3 The Standard for Habeas Relief under 28 U.S.C. § 2254 This case is governed by the federal habeas statute applicable to state prisoners, 28 U.S.C. § 2254, as amended by the Antiterrorism and Effective Death Penalty Act of 1996, Pub.L.No. 104-132, 110 Stat. 1214, enacted on April 24, 1996 (“AEDPA”), “which imposes significant procedural and substantive limitations on the scope” of the Court’s review.2 2F Wilkerson v.
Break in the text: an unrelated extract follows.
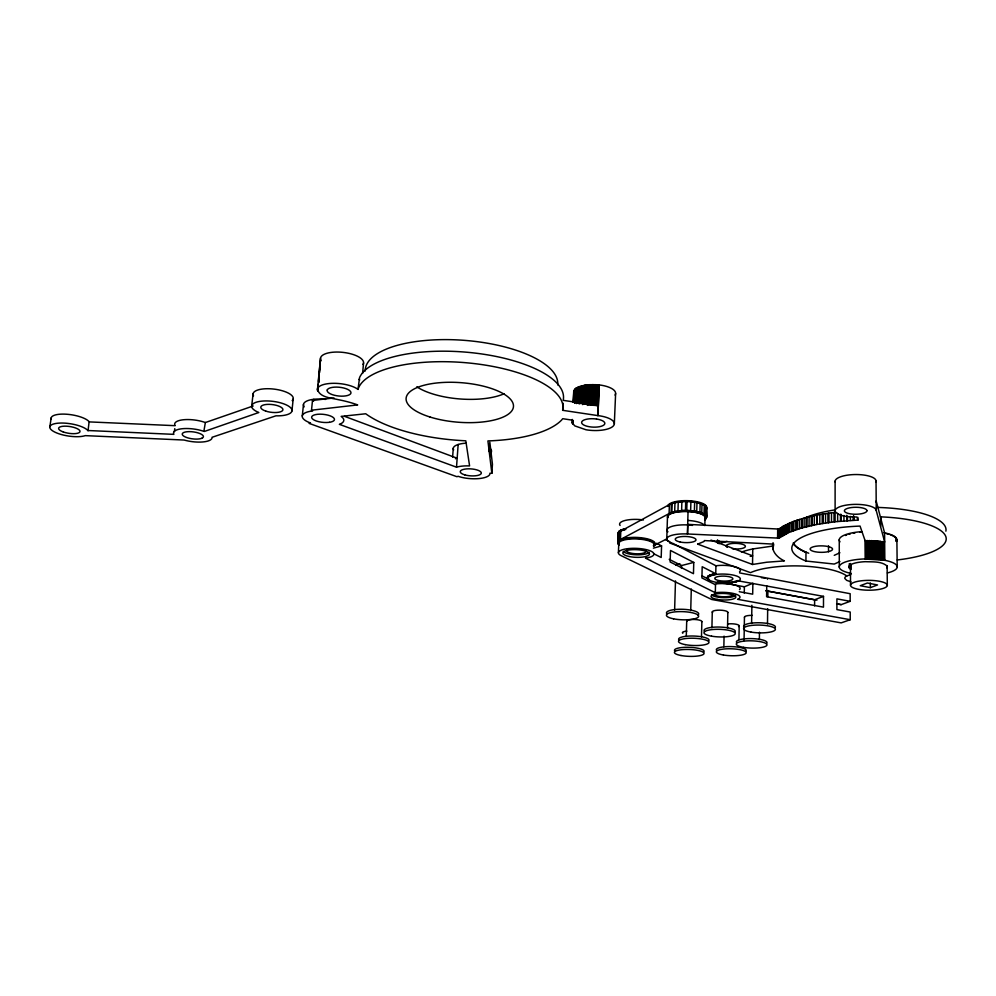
<?xml version="1.0" encoding="UTF-8"?>
<svg xmlns="http://www.w3.org/2000/svg" width="996" height="996" viewBox="0 0 996 996"><rect width="100%" height="100%" fill="white"/><g stroke="black" fill="none" stroke-linecap="round" stroke-linejoin="round"><path stroke-width="1.49" d="M828.51 551.622L828.523 545.783M828.759 522.514L828.772 513.152L834.835 512.38L834.835 521.755L817.243 524.357L801.481 528.029L789.143 532.362L778.972 538.139L687.414 533.981A18.887 5.59 1.7 0 0 668.926 536.458A18.887 5.59 1.7 0 0 671.18 542.72L669.773 543.032L750.523 572.663L751.868 572.078A53.361 14.504 0.7 0 1 763.745 568.654C784.699 564.794 806.424 565.031 827.377 568.915A53.361 14.504 0.7 0 1 846.762 575.937L846.837 575.999M831.498 522.165L831.511 512.803M834.237 521.829L834.237 512.454M834.536 521.792L834.536 512.417M835.109 511.035L835.109 481.155M819.795 523.921L819.82 514.596L828.772 513.152M822.323 523.473L822.347 514.135M822.609 523.423L822.634 514.085M822.895 523.373L822.908 514.036M737.364 580.693L823.505 596.367L823.48 607.149L766.609 596.729L766.746 585.81M825.535 522.987L825.56 513.637M828.174 522.589L828.186 513.239M828.473 522.551L828.485 513.201M811.342 525.552L811.391 516.264L819.82 514.596M811.603 525.502L811.653 516.202M811.852 525.44L811.902 516.152M814.292 524.954L814.33 515.654M814.604 605.867L814.628 599.754L823.505 596.367M816.708 524.456L816.745 515.144M816.981 524.406L817.019 515.094M817.243 524.357L817.28 515.044M804.108 527.32L804.158 518.069L811.391 516.264M839.902 561.545L834.25 564.06L805.926 561.022L805.976 552.27L804.818 551.796A76.904 22.485 -0.2 0 1 793.476 543.941M806.262 526.747L806.312 517.472M806.511 526.685L806.561 517.422M806.748 526.623L806.797 517.347M809.051 526.087L809.101 516.812M793.289 530.694L793.364 521.506L804.158 518.069M795.169 530.046L795.231 520.846M797.024 529.399L797.099 520.173M797.248 529.324L797.31 520.111M797.447 529.262L797.51 520.037M799.464 528.652L799.527 519.414M801.481 528.029L801.543 518.779M801.718 527.967L801.78 518.717M801.942 527.905L801.992 518.655M784.387 534.678L784.475 525.552L793.364 521.506M785.744 533.943L785.832 524.805M785.919 533.868L785.993 524.718M786.068 533.781L786.143 524.643M787.612 533.072L787.687 523.921M789.143 532.362L789.218 523.199M789.33 532.287L789.579 523.037M791.21 531.528L791.285 522.352M792.903 530.843L792.978 521.655M793.102 530.768L793.177 521.58M777.59 538.064L777.689 529M778.972 538.139L779.071 529.075L784.475 525.552M779.109 538.039L779.208 528.963M780.117 537.255L780.329 528.092M780.354 537.093L780.441 528.005M781.549 536.334L781.648 527.233M782.732 535.574L782.831 526.461M782.881 535.499L783.105 526.299M767.493 623.919L767.679 608.656M767.829 596.666L767.916 590.479M697.661 544.102L752.528 564.483L766.758 562.23L784.412 560.91C777.664 557.785 771.004 551.448 772.921 543.256M773.045 549.506L773.133 542.932M759.375 639.569L759.475 632.223M751.607 623.459L751.893 605.307M752.528 564.483L752.764 548.958L773.618 545.933M738.932 639.631L739.181 625.862M744.273 593.006L744.385 586.793L752.864 583.233L752.69 594.176L739.244 591.711M744.049 640.565L744.448 617.084M730.865 582.822L737.936 581.241A16.471 4.507 1.4 0 0 735.671 575.7A16.471 4.507 1.4 0 0 715.738 574.468C693.341 579.261 724.59 585.424 730.865 582.822L730.89 582.038M731.823 582.71L731.836 581.925M732.745 582.573L732.757 581.801M735.26 582.087L736.019 581.116L736.007 581.901M736.704 581.689L736.716 580.905M737.936 581.241L737.949 580.456M722.561 583.046L722.573 582.262L720.457 582.137L720.444 582.909M723.619 583.083L723.644 582.299L722.573 582.262M724.69 583.096L724.702 582.324L729.906 582.137L729.894 582.909M723.855 646.827L724.067 636.12M725.76 583.096L725.773 582.324M726.806 583.083L726.831 582.299M727.852 583.046L727.864 582.262M727.516 628.252L727.839 612.378M728.885 582.984L728.898 582.212M711.916 627.791L712.277 611.942M713.074 574.916L713.099 574.132L715.75 573.671L702.192 566.724L701.919 577.941L715.502 584.777M713.92 574.754L713.933 573.957M714.804 574.605L714.829 573.808M739.605 572.912L850.161 593.703L850.173 601.323L836.901 598.857L836.901 609.602L850.211 612.042L850.223 619.711L737.6 599.318A16.521 4.357 1.5 0 0 735.322 593.965A16.521 4.357 1.5 0 0 715.327 592.72L715.514 583.98A16.496 4.432 1.5 0 1 733.89 584.789A16.496 4.432 1.5 0 1 739.493 589.644M715.738 574.468L715.925 565.778L672.375 543.119M717.406 542.845L717.469 540.006M717.817 543.231L717.879 540.38M717.394 582.573L717.419 581.801M718.975 540.816L718.9 543.667L727.018 541.276M718.39 582.71L718.402 581.925M719.411 582.822L719.423 582.038M721.502 582.984L721.515 582.212M705.156 519.327L706.637 517.422L706.239 506.528C695.718 499.706 680.766 500.042 669.374 504.599L619.238 531.964M706.288 518.206L706.363 515.256M706.513 516.227L706.239 506.528M706.637 517.422L706.737 507.338M707.421 578.477L708.305 575.962L713.099 574.132M707.521 578.776L707.446 577.107M707.546 577.593L707.558 576.809M707.695 579.074L707.546 577.991M707.72 577.307L707.745 576.522M707.932 579.361L707.72 578.29M707.969 577.033L707.994 576.248M708.243 579.647L707.957 578.576M708.293 576.759L708.305 575.962M708.617 579.933L708.256 578.863M708.679 576.485L708.691 575.7M709.052 580.207L708.629 579.149M709.127 576.223L709.14 575.439M709.638 575.974L709.65 575.19M710.21 575.738L710.235 574.953M710.845 575.514L710.87 574.729M711.542 575.302L711.555 574.518M712.277 575.103L712.302 574.319M706.015 515.43L701.769 512.865L696.752 511.471L696.988 502.519M699.927 512.255L700.163 503.304M701.769 512.865L701.993 503.926M704.035 513.899L704.259 504.972M701.483 636.88L701.869 621.591M704.658 514.272L704.869 505.346M704.795 525.627L705.056 517.87A18.8 5.802 1.6 0 0 684.987 511.359A18.8 5.802 1.6 0 0 667.768 517.746M687.414 533.981L688.049 511.446M687.589 533.42L687.838 524.369L779.071 529.075M686.281 636.419L686.705 621.155M696.752 511.471L690.651 510.624L690.9 501.673M690.726 610.585L691.299 589.022M694.399 511.06L694.648 502.109M693.764 562.404L693.465 573.696L670.146 561.981L670.495 550.464L693.764 562.404L681.55 565.554L681.476 568.367M619.338 540.106L671.092 512.517L681.613 510.525L681.874 501.573M681.613 510.525L685.46 510.413L685.709 501.449M690.651 510.624L686.754 510.425L687.016 501.461M671.092 512.517L671.366 503.603M671.889 512.218L672.176 503.304M674.69 511.446L674.964 502.519M674.616 610.125L675.487 580.892M677.977 510.873L678.239 501.934M656.451 543.268L661.568 545.895L661.195 557.486L653.5 553.614M666.772 538.898L667.482 516.6M669.1 513.5L669.374 504.599M625.725 529.586L625.762 528.739C623.11 529.113 616.038 530.905 619.039 534.69M619.039 545.123L617.869 543.704L618.23 532.511M617.869 543.704L618.591 531.802M617.956 542.285L618.89 531.453M618.404 552.743L618.777 543.442M618.479 541.6L619.263 531.117M618.852 541.264L619.711 530.793M619.861 540.654L620.234 530.482M619.3 540.953L620.421 540.355L620.844 530.183M620.807 531.03L621.504 529.897M621.467 530.744L622.239 529.635M622.201 530.482L623.023 529.374M623.085 530.245A17.704 5.291 2.2 0 1 623.845 530.009L623.882 529.15M624.766 529.785L624.791 528.938M614.32 423.947L615.615 393.582M333.996 397.939L312.495 400.454L311.511 410.203L357.676 404.911L355.522 404.152A57.457 20.119 6.1 0 0 338.204 399.657C331.207 397.914 319.268 397.516 317.425 389A21.788 7.98 6 0 1 333.859 383.311A21.788 7.98 6 0 1 357.452 389L358 389.411L359.581 377.521A102.912 38.57 4.4 0 1 473.424 352.895A102.912 38.57 4.4 0 1 563.188 400.342L598.223 405.646L596.99 405.509L597.949 384.78L585.748 384.979L575.974 388.203L573.733 391.117L573.136 402.247M311.511 410.203L312.595 410.962A20.879 7.308 6.1 0 0 310.478 422.976L309.121 423.387L456.89 476.698L458.172 476.312A19.235 6.337 4 0 0 479.163 478.566A19.235 6.337 4 0 0 489.932 473.212L491.85 473.299L487.916 440.917L491.8 440.767A107.78 39.765 4.4 0 0 561.557 420.1L562.69 418.694L572.787 420.225L572.277 422.976L574.804 425.89L586.022 429.774A21.115 7.632 2.5 0 0 613.474 425.79A21.115 7.632 2.5 0 0 597.899 415.593L599.169 384.917M597.899 415.593L599.306 384.929L597.949 384.78M587.341 405.422L588.337 384.693M588.673 405.335L589.669 384.605M590.043 405.272L591.026 384.543M591.425 405.26L592.408 384.518M593.79 384.531L592.819 405.272L596.99 405.509M594.214 405.322L595.185 384.581M595.608 405.397L596.567 384.655M579.186 403.978L580.07 386.261M580.22 403.666L581.091 385.95M581.303 403.392L582.174 385.664M582.386 404.613L583.32 385.402M583.569 404.401L584.515 385.178M584.814 404.214L585.748 384.979M586.096 404.052L587.018 384.817M572.277 422.976L572.314 419.44M573.36 401.774L573.895 390.606M572.488 423.474L572.638 420.449M573.559 402.284L574.132 390.108M572.775 423.972L572.937 420.947M573.933 401.288L574.157 396.744M574.219 402.359L574.879 389.125M574.642 403.368L575.389 388.652M575.227 402.919L575.974 388.203M575.9 402.496L576.647 387.768M576.572 403.567L577.394 387.357M577.406 403.181L578.215 386.971M578.303 402.832L579.112 386.597M597.762 415.581L562.665 410.315L563.039 403.181M835.208 482.014A20.468 6.648 -0.5 0 1 854.419 474.557A20.468 6.648 -0.5 0 1 876.032 480.931L875.895 481.803M489.21 451.562L489.833 442.212L492.447 464.248L491.85 473.299M491.028 456.666L491.426 450.653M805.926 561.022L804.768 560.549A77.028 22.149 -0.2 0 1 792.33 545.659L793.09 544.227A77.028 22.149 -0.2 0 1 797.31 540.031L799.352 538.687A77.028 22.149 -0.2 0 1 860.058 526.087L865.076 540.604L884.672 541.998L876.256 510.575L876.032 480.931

Superintendent Fayette SCI, 871 F.3d 221, 227 (3d Cir. 2017), cert. denied, No. 17- 7437, -- U.S.---, 138 S. Ct. 1170 (Feb. 26, 2018). As a result, this Court may not grant a writ of habeas corpus on a claim that was adjudicated on the merits in state court proceedings unless the state courts' adjudication “resulted in a decision that was contrary to, or involved an unreasonable application of, clearly established Federal law, as determined by the Supreme Court of the United States” or “resulted in a decision that was based on an unreasonable determination of the facts in light of the evidence presented in the State court proceedings.” 28 U.S.C. § 2254(d)(1) and (2). And under the AEDPA standard, the “[s]tate court[s'] relevant factual determinations are presumed to be correct unless the petitioner rebuts [that] presumption

by clear and convincing evidence.” Han Tak Lee v. Glunt, 667 F.3d 397, 403 (3d Cir. 2012) (citing 28 U.S.C. § 2254(e)(1)). AEDPA imposes a “highly deferential” standard for evaluating state-court rulings and demands that state-court decisions be given the benefit of the doubt. Blystone v. Horn, 664 F.3d 397, 417 (3d Cir. 2011).

2 The first consideration in reviewing a federal habeas petition is whether the petition was timely filed under AEDPA’s one-year limitations period. 28 U.S.C. § 2244(d). Respondents do not dispute that Tigney’s petition was timely filed.